- YOUR GOAL: The answer must be an exact copy of every entry, with no pictures in it.

======== SUPPLIED RECORDS ========

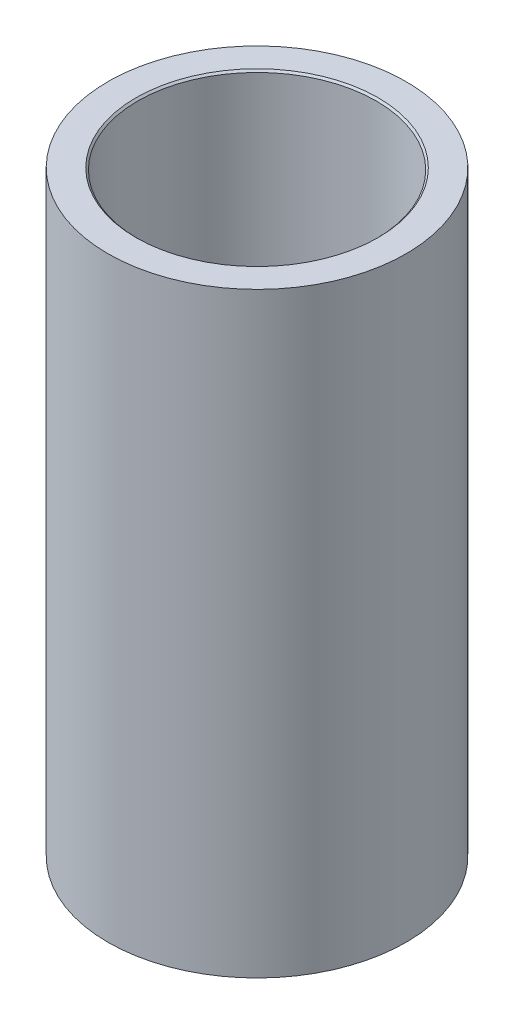
ISO-10303-21;
HEADER;
FILE_DESCRIPTION(('STEP AP214'),'2;1');
FILE_NAME('part.step','',(''),(''),'','','');
FILE_SCHEMA(('AUTOMOTIVE_DESIGN { 1 0 10303 214 1 1 1 1 }'));
ENDSEC;
DATA;
#1=APPLICATION_CONTEXT('core data for automotive mechanical design processes');
#2=APPLICATION_PROTOCOL_DEFINITION('international standard','automotive_design',2000,#1);
#3=PRODUCT_CONTEXT('',#1,'mechanical');
#4=PRODUCT('Part','Part','',(#3));
#5=PRODUCT_RELATED_PRODUCT_CATEGORY('part','',(#4));
#6=PRODUCT_DEFINITION_FORMATION('','',#4);
#7=PRODUCT_DEFINITION_CONTEXT('part definition',#1,'design');
#8=PRODUCT_DEFINITION('design','',#6,#7);
#9=PRODUCT_DEFINITION_SHAPE('','',#8);
#10=(LENGTH_UNIT() NAMED_UNIT(*) SI_UNIT(.MILLI.,.METRE.));
#11=(NAMED_UNIT(*) PLANE_ANGLE_UNIT() SI_UNIT($,.RADIAN.));
#12=(NAMED_UNIT(*) SI_UNIT($,.STERADIAN.) SOLID_ANGLE_UNIT());
#13=UNCERTAINTY_MEASURE_WITH_UNIT(LENGTH_MEASURE(1.E-05),#10,'distance_accuracy_value','');
#14=(GEOMETRIC_REPRESENTATION_CONTEXT(3) GLOBAL_UNCERTAINTY_ASSIGNED_CONTEXT((#13)) GLOBAL_UNIT_ASSIGNED_CONTEXT((#10,
#11,#12)) REPRESENTATION_CONTEXT('',''));
#15=CARTESIAN_POINT('',(0.,0.,0.));
#16=DIRECTION('',(0.,0.,1.));
#17=DIRECTION('',(1.,0.,0.));
#18=AXIS2_PLACEMENT_3D('',#15,#16,#17);
#19=CARTESIAN_POINT('',(0.,8.,0.));
#20=DIRECTION('',(0.,-1.,0.));
#21=DIRECTION('',(0.,0.,-1.));
#22=AXIS2_PLACEMENT_3D('',#19,#20,#21);
#23=CYLINDRICAL_SURFACE('',#22,2.);
#24=CARTESIAN_POINT('',(0.,8.,0.));
#25=DIRECTION('',(0.,1.,0.));
#26=DIRECTION('',(0.,0.,1.));
#27=AXIS2_PLACEMENT_3D('',#24,#25,#26);
#28=CIRCLE('',#27,2.);
#29=CARTESIAN_POINT('',(0.,8.,2.));
#30=VERTEX_POINT('',#29);
#31=EDGE_CURVE('E10',#30,#30,#28,.T.);
#32=ORIENTED_EDGE('',*,*,#31,.F.);
#33=EDGE_LOOP('',(#32));
#34=FACE_BOUND('',#33,.T.);
#35=CARTESIAN_POINT('',(0.,0.,0.));
#36=DIRECTION('',(0.,1.,0.));
#37=DIRECTION('',(0.,0.,1.));
#38=AXIS2_PLACEMENT_3D('',#35,#36,#37);
#39=CIRCLE('',#38,2.);
#40=CARTESIAN_POINT('',(0.,0.,2.));
#41=VERTEX_POINT('',#40);
#42=EDGE_CURVE('E40',#41,#41,#39,.T.);
#43=ORIENTED_EDGE('',*,*,#42,.T.);
#44=EDGE_LOOP('',(#43));
#45=FACE_BOUND('',#44,.T.);
#46=ADVANCED_FACE('F37',(#34,#45),#23,.T.);
#47=CARTESIAN_POINT('',(0.,8.,0.));
#48=DIRECTION('',(0.,1.,0.));
#49=DIRECTION('',(0.,0.,1.));
#50=AXIS2_PLACEMENT_3D('',#47,#48,#49);
#51=PLANE('',#50);
#52=CARTESIAN_POINT('',(0.,8.,0.));
#53=DIRECTION('',(0.,1.,0.));
#54=DIRECTION('',(0.,0.,1.));
#55=AXIS2_PLACEMENT_3D('',#52,#53,#54);
#56=CIRCLE('',#55,1.625);
#57=CARTESIAN_POINT('',(0.,8.,1.625));
#58=VERTEX_POINT('',#57);
#59=EDGE_CURVE('E54',#58,#58,#56,.T.);
#60=ORIENTED_EDGE('',*,*,#59,.F.);
#61=EDGE_LOOP('',(#60));
#62=FACE_BOUND('',#61,.T.);
#63=ORIENTED_EDGE('',*,*,#31,.T.);
#64=EDGE_LOOP('',(#63));
#65=FACE_BOUND('',#64,.T.);
#66=ADVANCED_FACE('F60',(#62,#65),#51,.T.);
#67=CARTESIAN_POINT('',(0.,0.,0.));
#68=DIRECTION('',(0.,1.,0.));
#69=DIRECTION('',(0.,0.,1.));
#70=AXIS2_PLACEMENT_3D('',#67,#68,#69);
#71=PLANE('',#70);
#72=CARTESIAN_POINT('',(0.,0.,0.));
#73=DIRECTION('',(0.,1.,0.));
#74=DIRECTION('',(0.,0.,1.));
#75=AXIS2_PLACEMENT_3D('',#72,#73,#74);
#76=CIRCLE('',#75,1.6);
#77=CARTESIAN_POINT('',(0.,0.,1.6));
#78=VERTEX_POINT('',#77);
#79=EDGE_CURVE('E47',#78,#78,#76,.T.);
#80=ORIENTED_EDGE('',*,*,#79,.T.);
#81=EDGE_LOOP('',(#80));
#82=FACE_BOUND('',#81,.T.);
#83=ORIENTED_EDGE('',*,*,#42,.F.);
#84=EDGE_LOOP('',(#83));
#85=FACE_BOUND('',#84,.T.);
#86=ADVANCED_FACE('F62',(#82,#85),#71,.F.);
#87=CARTESIAN_POINT('',(0.,8.,0.));
#88=DIRECTION('',(0.,1.,0.));
#89=DIRECTION('',(0.,0.,1.));
#90=AXIS2_PLACEMENT_3D('',#87,#88,#89);
#91=CYLINDRICAL_SURFACE('',#90,1.6);
#92=ORIENTED_EDGE('',*,*,#79,.F.);
#93=EDGE_LOOP('',(#92));
#94=FACE_BOUND('',#93,.T.);
#95=CARTESIAN_POINT('',(0.,7.975,0.));
#96=DIRECTION('',(0.,1.,0.));
#97=DIRECTION('',(0.,0.,1.));
#98=AXIS2_PLACEMENT_3D('',#95,#96,#97);
#99=CIRCLE('',#98,1.6);
#100=CARTESIAN_POINT('',(0.,7.975,1.6));
#101=VERTEX_POINT('',#100);
#102=EDGE_CURVE('E51',#101,#101,#99,.T.);
#103=ORIENTED_EDGE('',*,*,#102,.T.);
#104=EDGE_LOOP('',(#103));
#105=FACE_BOUND('',#104,.T.);
#106=ADVANCED_FACE('F68',(#94,#105),#91,.F.);
#107=CARTESIAN_POINT('',(0.,8.,0.));
#108=DIRECTION('',(0.,1.,0.));
#109=DIRECTION('',(0.,0.,1.));
#110=AXIS2_PLACEMENT_3D('',#107,#108,#109);
#111=CONICAL_SURFACE('',#110,1.625,0.785398163397435);
#112=ORIENTED_EDGE('',*,*,#102,.F.);
#113=EDGE_LOOP('',(#112));
#114=FACE_BOUND('',#113,.T.);
#115=ORIENTED_EDGE('',*,*,#59,.T.);
#116=EDGE_LOOP('',(#115));
#117=FACE_BOUND('',#116,.T.);
#118=ADVANCED_FACE('F58',(#114,#117),#111,.F.);
#119=CLOSED_SHELL('',(#46,#66,#86,#106,#118));
#120=MANIFOLD_SOLID_BREP('B2',#119);
#121=ADVANCED_BREP_SHAPE_REPRESENTATION('',(#18,#120),#14);
#122=SHAPE_DEFINITION_REPRESENTATION(#9,#121);
ENDSEC;
END-ISO-10303-21;

========

- RESPONSE TO THIS EXERCISE:
ISO-10303-21;
HEADER;
FILE_DESCRIPTION(('STEP AP214'),'2;1');
FILE_NAME('part.step','',(''),(''),'','','');
FILE_SCHEMA(('AUTOMOTIVE_DESIGN { 1 0 10303 214 1 1 1 1 }'));
ENDSEC;
DATA;
#1=APPLICATION_CONTEXT('core data for automotive mechanical design processes');
#2=APPLICATION_PROTOCOL_DEFINITION('international standard','automotive_design',2000,#1);
#3=PRODUCT_CONTEXT('',#1,'mechanical');
#4=PRODUCT('Part','Part','',(#3));
#5=PRODUCT_RELATED_PRODUCT_CATEGORY('part','',(#4));
#6=PRODUCT_DEFINITION_FORMATION('','',#4);
#7=PRODUCT_DEFINITION_CONTEXT('part definition',#1,'design');
#8=PRODUCT_DEFINITION('design','',#6,#7);
#9=PRODUCT_DEFINITION_SHAPE('','',#8);
#10=(LENGTH_UNIT() NAMED_UNIT(*) SI_UNIT(.MILLI.,.METRE.));
#11=(NAMED_UNIT(*) PLANE_ANGLE_UNIT() SI_UNIT($,.RADIAN.));
#12=(NAMED_UNIT(*) SI_UNIT($,.STERADIAN.) SOLID_ANGLE_UNIT());
#13=UNCERTAINTY_MEASURE_WITH_UNIT(LENGTH_MEASURE(1.E-05),#10,'distance_accuracy_value','');
#14=(GEOMETRIC_REPRESENTATION_CONTEXT(3) GLOBAL_UNCERTAINTY_ASSIGNED_CONTEXT((#13)) GLOBAL_UNIT_ASSIGNED_CONTEXT((#10,
#11,#12)) REPRESENTATION_CONTEXT('',''));
#15=CARTESIAN_POINT('',(0.,0.,0.));
#16=DIRECTION('',(0.,0.,1.));
#17=DIRECTION('',(1.,0.,0.));
#18=AXIS2_PLACEMENT_3D('',#15,#16,#17);
#19=CARTESIAN_POINT('',(0.,8.,0.));
#20=DIRECTION('',(0.,-1.,0.));
#21=DIRECTION('',(0.,0.,-1.));
#22=AXIS2_PLACEMENT_3D('',#19,#20,#21);
#23=CYLINDRICAL_SURFACE('',#22,2.);
#24=CARTESIAN_POINT('',(0.,8.,0.));
#25=DIRECTION('',(0.,1.,0.));
#26=DIRECTION('',(0.,0.,1.));
#27=AXIS2_PLACEMENT_3D('',#24,#25,#26);
#28=CIRCLE('',#27,2.);
#29=CARTESIAN_POINT('',(0.,8.,2.));
#30=VERTEX_POINT('',#29);
#31=EDGE_CURVE('E10',#30,#30,#28,.T.);
#32=ORIENTED_EDGE('',*,*,#31,.F.);
#33=EDGE_LOOP('',(#32));
#34=FACE_BOUND('',#33,.T.);
#35=CARTESIAN_POINT('',(0.,0.,0.));
#36=DIRECTION('',(0.,1.,0.));
#37=DIRECTION('',(0.,0.,1.));
#38=AXIS2_PLACEMENT_3D('',#35,#36,#37);
#39=CIRCLE('',#38,2.);
#40=CARTESIAN_POINT('',(0.,0.,2.));
#41=VERTEX_POINT('',#40);
#42=EDGE_CURVE('E40',#41,#41,#39,.T.);
#43=ORIENTED_EDGE('',*,*,#42,.T.);
#44=EDGE_LOOP('',(#43));
#45=FACE_BOUND('',#44,.T.);
#46=ADVANCED_FACE('F37',(#34,#45),#23,.T.);
#47=CARTESIAN_POINT('',(0.,8.,0.));
#48=DIRECTION('',(0.,1.,0.));
#49=DIRECTION('',(0.,0.,1.));
#50=AXIS2_PLACEMENT_3D('',#47,#48,#49);
#51=PLANE('',#50);
#52=CARTESIAN_POINT('',(0.,8.,0.));
#53=DIRECTION('',(0.,1.,0.));
#54=DIRECTION('',(0.,0.,1.));
#55=AXIS2_PLACEMENT_3D('',#52,#53,#54);
#56=CIRCLE('',#55,1.625);
#57=CARTESIAN_POINT('',(0.,8.,1.625));
#58=VERTEX_POINT('',#57);
#59=EDGE_CURVE('E54',#58,#58,#56,.T.);
#60=ORIENTED_EDGE('',*,*,#59,.F.);
#61=EDGE_LOOP('',(#60));
#62=FACE_BOUND('',#61,.T.);
#63=ORIENTED_EDGE('',*,*,#31,.T.);
#64=EDGE_LOOP('',(#63));
#65=FACE_BOUND('',#64,.T.);
#66=ADVANCED_FACE('F60',(#62,#65),#51,.T.);
#67=CARTESIAN_POINT('',(0.,0.,0.));
#68=DIRECTION('',(0.,1.,0.));
#69=DIRECTION('',(0.,0.,1.));
#70=AXIS2_PLACEMENT_3D('',#67,#68,#69);
#71=PLANE('',#70);
#72=CARTESIAN_POINT('',(0.,0.,0.));
#73=DIRECTION('',(0.,1.,0.));
#74=DIRECTION('',(0.,0.,1.));
#75=AXIS2_PLACEMENT_3D('',#72,#73,#74);
#76=CIRCLE('',#75,1.6);
#77=CARTESIAN_POINT('',(0.,0.,1.6));
#78=VERTEX_POINT('',#77);
#79=EDGE_CURVE('E47',#78,#78,#76,.T.);
#80=ORIENTED_EDGE('',*,*,#79,.T.);
#81=EDGE_LOOP('',(#80));
#82=FACE_BOUND('',#81,.T.);
#83=ORIENTED_EDGE('',*,*,#42,.F.);
#84=EDGE_LOOP('',(#83));
#85=FACE_BOUND('',#84,.T.);
#86=ADVANCED_FACE('F62',(#82,#85),#71,.F.);
#87=CARTESIAN_POINT('',(0.,8.,0.));
#88=DIRECTION('',(0.,1.,0.));
#89=DIRECTION('',(0.,0.,1.));
#90=AXIS2_PLACEMENT_3D('',#87,#88,#89);
#91=CYLINDRICAL_SURFACE('',#90,1.6);
#92=ORIENTED_EDGE('',*,*,#79,.F.);
#93=EDGE_LOOP('',(#92));
#94=FACE_BOUND('',#93,.T.);
#95=CARTESIAN_POINT('',(0.,7.975,0.));
#96=DIRECTION('',(0.,1.,0.));
#97=DIRECTION('',(0.,0.,1.));
#98=AXIS2_PLACEMENT_3D('',#95,#96,#97);
#99=CIRCLE('',#98,1.6);
#100=CARTESIAN_POINT('',(0.,7.975,1.6));
#101=VERTEX_POINT('',#100);
#102=EDGE_CURVE('E51',#101,#101,#99,.T.);
#103=ORIENTED_EDGE('',*,*,#102,.T.);
#104=EDGE_LOOP('',(#103));
#105=FACE_BOUND('',#104,.T.);
#106=ADVANCED_FACE('F68',(#94,#105),#91,.F.);
#107=CARTESIAN_POINT('',(0.,8.,0.));
#108=DIRECTION('',(0.,1.,0.));
#109=DIRECTION('',(0.,0.,1.));
#110=AXIS2_PLACEMENT_3D('',#107,#108,#109);
#111=CONICAL_SURFACE('',#110,1.625,0.785398163397435);
#112=ORIENTED_EDGE('',*,*,#102,.F.);
#113=EDGE_LOOP('',(#112));
#114=FACE_BOUND('',#113,.T.);
#115=ORIENTED_EDGE('',*,*,#59,.T.);
#116=EDGE_LOOP('',(#115));
#117=FACE_BOUND('',#116,.T.);
#118=ADVANCED_FACE('F58',(#114,#117),#111,.F.);
#119=CLOSED_SHELL('',(#46,#66,#86,#106,#118));
#120=MANIFOLD_SOLID_BREP('B2',#119);
#121=ADVANCED_BREP_SHAPE_REPRESENTATION('',(#18,#120),#14);
#122=SHAPE_DEFINITION_REPRESENTATION(#9,#121);
ENDSEC;
END-ISO-10303-21;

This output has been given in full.